Without any images, output the records below verbatim.

■ DATA RECORDS:
------------------------------------------------

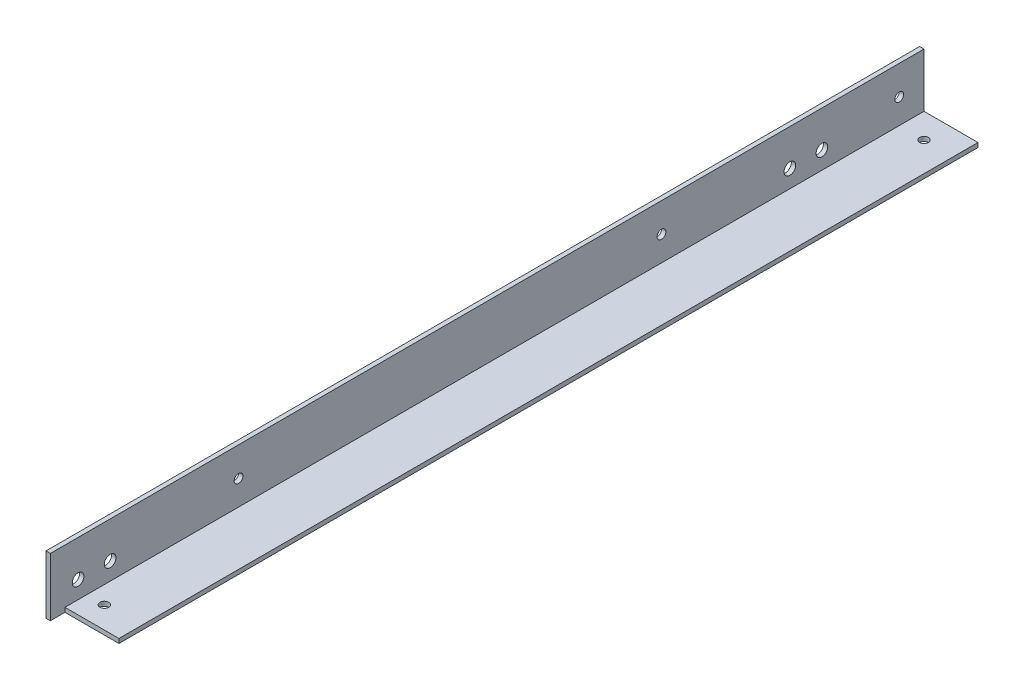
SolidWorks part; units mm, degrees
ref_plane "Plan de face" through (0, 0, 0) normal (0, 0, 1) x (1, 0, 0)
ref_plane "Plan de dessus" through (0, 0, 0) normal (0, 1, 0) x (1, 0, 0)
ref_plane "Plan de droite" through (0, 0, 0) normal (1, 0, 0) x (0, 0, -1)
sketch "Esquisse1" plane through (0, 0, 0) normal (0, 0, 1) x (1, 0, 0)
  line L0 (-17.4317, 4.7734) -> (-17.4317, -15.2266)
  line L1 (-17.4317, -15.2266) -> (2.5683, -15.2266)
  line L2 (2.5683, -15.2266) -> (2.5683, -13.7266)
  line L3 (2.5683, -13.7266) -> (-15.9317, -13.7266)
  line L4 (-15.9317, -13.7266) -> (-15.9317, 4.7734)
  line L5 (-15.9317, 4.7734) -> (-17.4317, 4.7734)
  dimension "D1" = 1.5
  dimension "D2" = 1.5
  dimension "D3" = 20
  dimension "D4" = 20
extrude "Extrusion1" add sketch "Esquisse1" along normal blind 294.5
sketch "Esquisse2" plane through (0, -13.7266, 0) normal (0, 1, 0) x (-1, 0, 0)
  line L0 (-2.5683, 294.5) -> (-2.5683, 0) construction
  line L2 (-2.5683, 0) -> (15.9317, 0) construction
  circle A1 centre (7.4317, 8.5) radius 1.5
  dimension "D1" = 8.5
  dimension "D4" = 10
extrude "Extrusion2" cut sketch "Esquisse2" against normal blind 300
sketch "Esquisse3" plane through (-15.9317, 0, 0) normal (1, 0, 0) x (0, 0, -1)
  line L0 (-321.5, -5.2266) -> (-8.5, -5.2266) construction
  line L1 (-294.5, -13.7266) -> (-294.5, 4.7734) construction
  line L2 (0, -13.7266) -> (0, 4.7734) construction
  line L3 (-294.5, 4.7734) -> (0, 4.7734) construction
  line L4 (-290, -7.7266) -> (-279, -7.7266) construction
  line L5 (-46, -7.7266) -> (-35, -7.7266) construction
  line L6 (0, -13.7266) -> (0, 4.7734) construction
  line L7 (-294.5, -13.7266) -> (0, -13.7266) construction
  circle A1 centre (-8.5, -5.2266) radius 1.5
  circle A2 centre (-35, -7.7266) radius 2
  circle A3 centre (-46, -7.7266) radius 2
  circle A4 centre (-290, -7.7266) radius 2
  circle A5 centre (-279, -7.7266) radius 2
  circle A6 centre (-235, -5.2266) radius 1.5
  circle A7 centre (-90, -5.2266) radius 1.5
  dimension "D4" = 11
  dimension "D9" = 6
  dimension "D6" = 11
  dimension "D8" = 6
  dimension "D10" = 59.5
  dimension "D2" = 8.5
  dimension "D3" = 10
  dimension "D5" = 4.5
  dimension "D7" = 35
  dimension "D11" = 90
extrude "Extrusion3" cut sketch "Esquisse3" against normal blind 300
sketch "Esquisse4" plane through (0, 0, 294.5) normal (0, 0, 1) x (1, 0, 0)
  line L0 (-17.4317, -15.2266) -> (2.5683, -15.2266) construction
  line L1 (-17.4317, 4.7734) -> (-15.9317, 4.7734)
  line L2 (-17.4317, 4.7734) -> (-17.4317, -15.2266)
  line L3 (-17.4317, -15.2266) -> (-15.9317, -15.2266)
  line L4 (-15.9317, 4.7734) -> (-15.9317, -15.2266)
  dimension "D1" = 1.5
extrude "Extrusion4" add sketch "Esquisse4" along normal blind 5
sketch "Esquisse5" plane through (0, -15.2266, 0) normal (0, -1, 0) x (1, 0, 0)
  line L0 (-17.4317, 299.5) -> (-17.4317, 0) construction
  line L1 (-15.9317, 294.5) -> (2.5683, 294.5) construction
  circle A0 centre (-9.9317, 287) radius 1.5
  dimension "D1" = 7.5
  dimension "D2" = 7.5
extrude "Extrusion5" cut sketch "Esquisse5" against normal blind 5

------------------------------------------------

■ FINAL ANSWER:
SolidWorks part; units mm, degrees
ref_plane "Plan de face" through (0, 0, 0) normal (0, 0, 1) x (1, 0, 0)
ref_plane "Plan de dessus" through (0, 0, 0) normal (0, 1, 0) x (1, 0, 0)
ref_plane "Plan de droite" through (0, 0, 0) normal (1, 0, 0) x (0, 0, -1)
sketch "Esquisse1" plane through (0, 0, 0) normal (0, 0, 1) x (1, 0, 0)
  line L0 (-17.4317, 4.7734) -> (-17.4317, -15.2266)
  line L1 (-17.4317, -15.2266) -> (2.5683, -15.2266)
  line L2 (2.5683, -15.2266) -> (2.5683, -13.7266)
  line L3 (2.5683, -13.7266) -> (-15.9317, -13.7266)
  line L4 (-15.9317, -13.7266) -> (-15.9317, 4.7734)
  line L5 (-15.9317, 4.7734) -> (-17.4317, 4.7734)
  dimension "D1" = 1.5
  dimension "D2" = 1.5
  dimension "D3" = 20
  dimension "D4" = 20
extrude "Extrusion1" add sketch "Esquisse1" along normal blind 294.5
sketch "Esquisse2" plane through (0, -13.7266, 0) normal (0, 1, 0) x (-1, 0, 0)
  line L0 (-2.5683, 294.5) -> (-2.5683, 0) construction
  line L2 (-2.5683, 0) -> (15.9317, 0) construction
  circle A1 centre (7.4317, 8.5) radius 1.5
  dimension "D1" = 8.5
  dimension "D4" = 10
extrude "Extrusion2" cut sketch "Esquisse2" against normal blind 300
sketch "Esquisse3" plane through (-15.9317, 0, 0) normal (1, 0, 0) x (0, 0, -1)
  line L0 (-321.5, -5.2266) -> (-8.5, -5.2266) construction
  line L1 (-294.5, -13.7266) -> (-294.5, 4.7734) construction
  line L2 (0, -13.7266) -> (0, 4.7734) construction
  line L3 (-294.5, 4.7734) -> (0, 4.7734) construction
  line L4 (-290, -7.7266) -> (-279, -7.7266) construction
  line L5 (-46, -7.7266) -> (-35, -7.7266) construction
  line L6 (0, -13.7266) -> (0, 4.7734) construction
  line L7 (-294.5, -13.7266) -> (0, -13.7266) construction
  circle A1 centre (-8.5, -5.2266) radius 1.5
  circle A2 centre (-35, -7.7266) radius 2
  circle A3 centre (-46, -7.7266) radius 2
  circle A4 centre (-290, -7.7266) radius 2
  circle A5 centre (-279, -7.7266) radius 2
  circle A6 centre (-235, -5.2266) radius 1.5
  circle A7 centre (-90, -5.2266) radius 1.5
  dimension "D4" = 11
  dimension "D9" = 6
  dimension "D6" = 11
  dimension "D8" = 6
  dimension "D10" = 59.5
  dimension "D2" = 8.5
  dimension "D3" = 10
  dimension "D5" = 4.5
  dimension "D7" = 35
  dimension "D11" = 90
extrude "Extrusion3" cut sketch "Esquisse3" against normal blind 300
sketch "Esquisse4" plane through (0, 0, 294.5) normal (0, 0, 1) x (1, 0, 0)
  line L0 (-17.4317, -15.2266) -> (2.5683, -15.2266) construction
  line L1 (-17.4317, 4.7734) -> (-15.9317, 4.7734)
  line L2 (-17.4317, 4.7734) -> (-17.4317, -15.2266)
  line L3 (-17.4317, -15.2266) -> (-15.9317, -15.2266)
  line L4 (-15.9317, 4.7734) -> (-15.9317, -15.2266)
  dimension "D1" = 1.5
extrude "Extrusion4" add sketch "Esquisse4" along normal blind 5
sketch "Esquisse5" plane through (0, -15.2266, 0) normal (0, -1, 0) x (1, 0, 0)
  line L0 (-17.4317, 299.5) -> (-17.4317, 0) construction
  line L1 (-15.9317, 294.5) -> (2.5683, 294.5) construction
  circle A0 centre (-9.9317, 287) radius 1.5
  dimension "D1" = 7.5
  dimension "D2" = 7.5
extrude "Extrusion5" cut sketch "Esquisse5" against normal blind 5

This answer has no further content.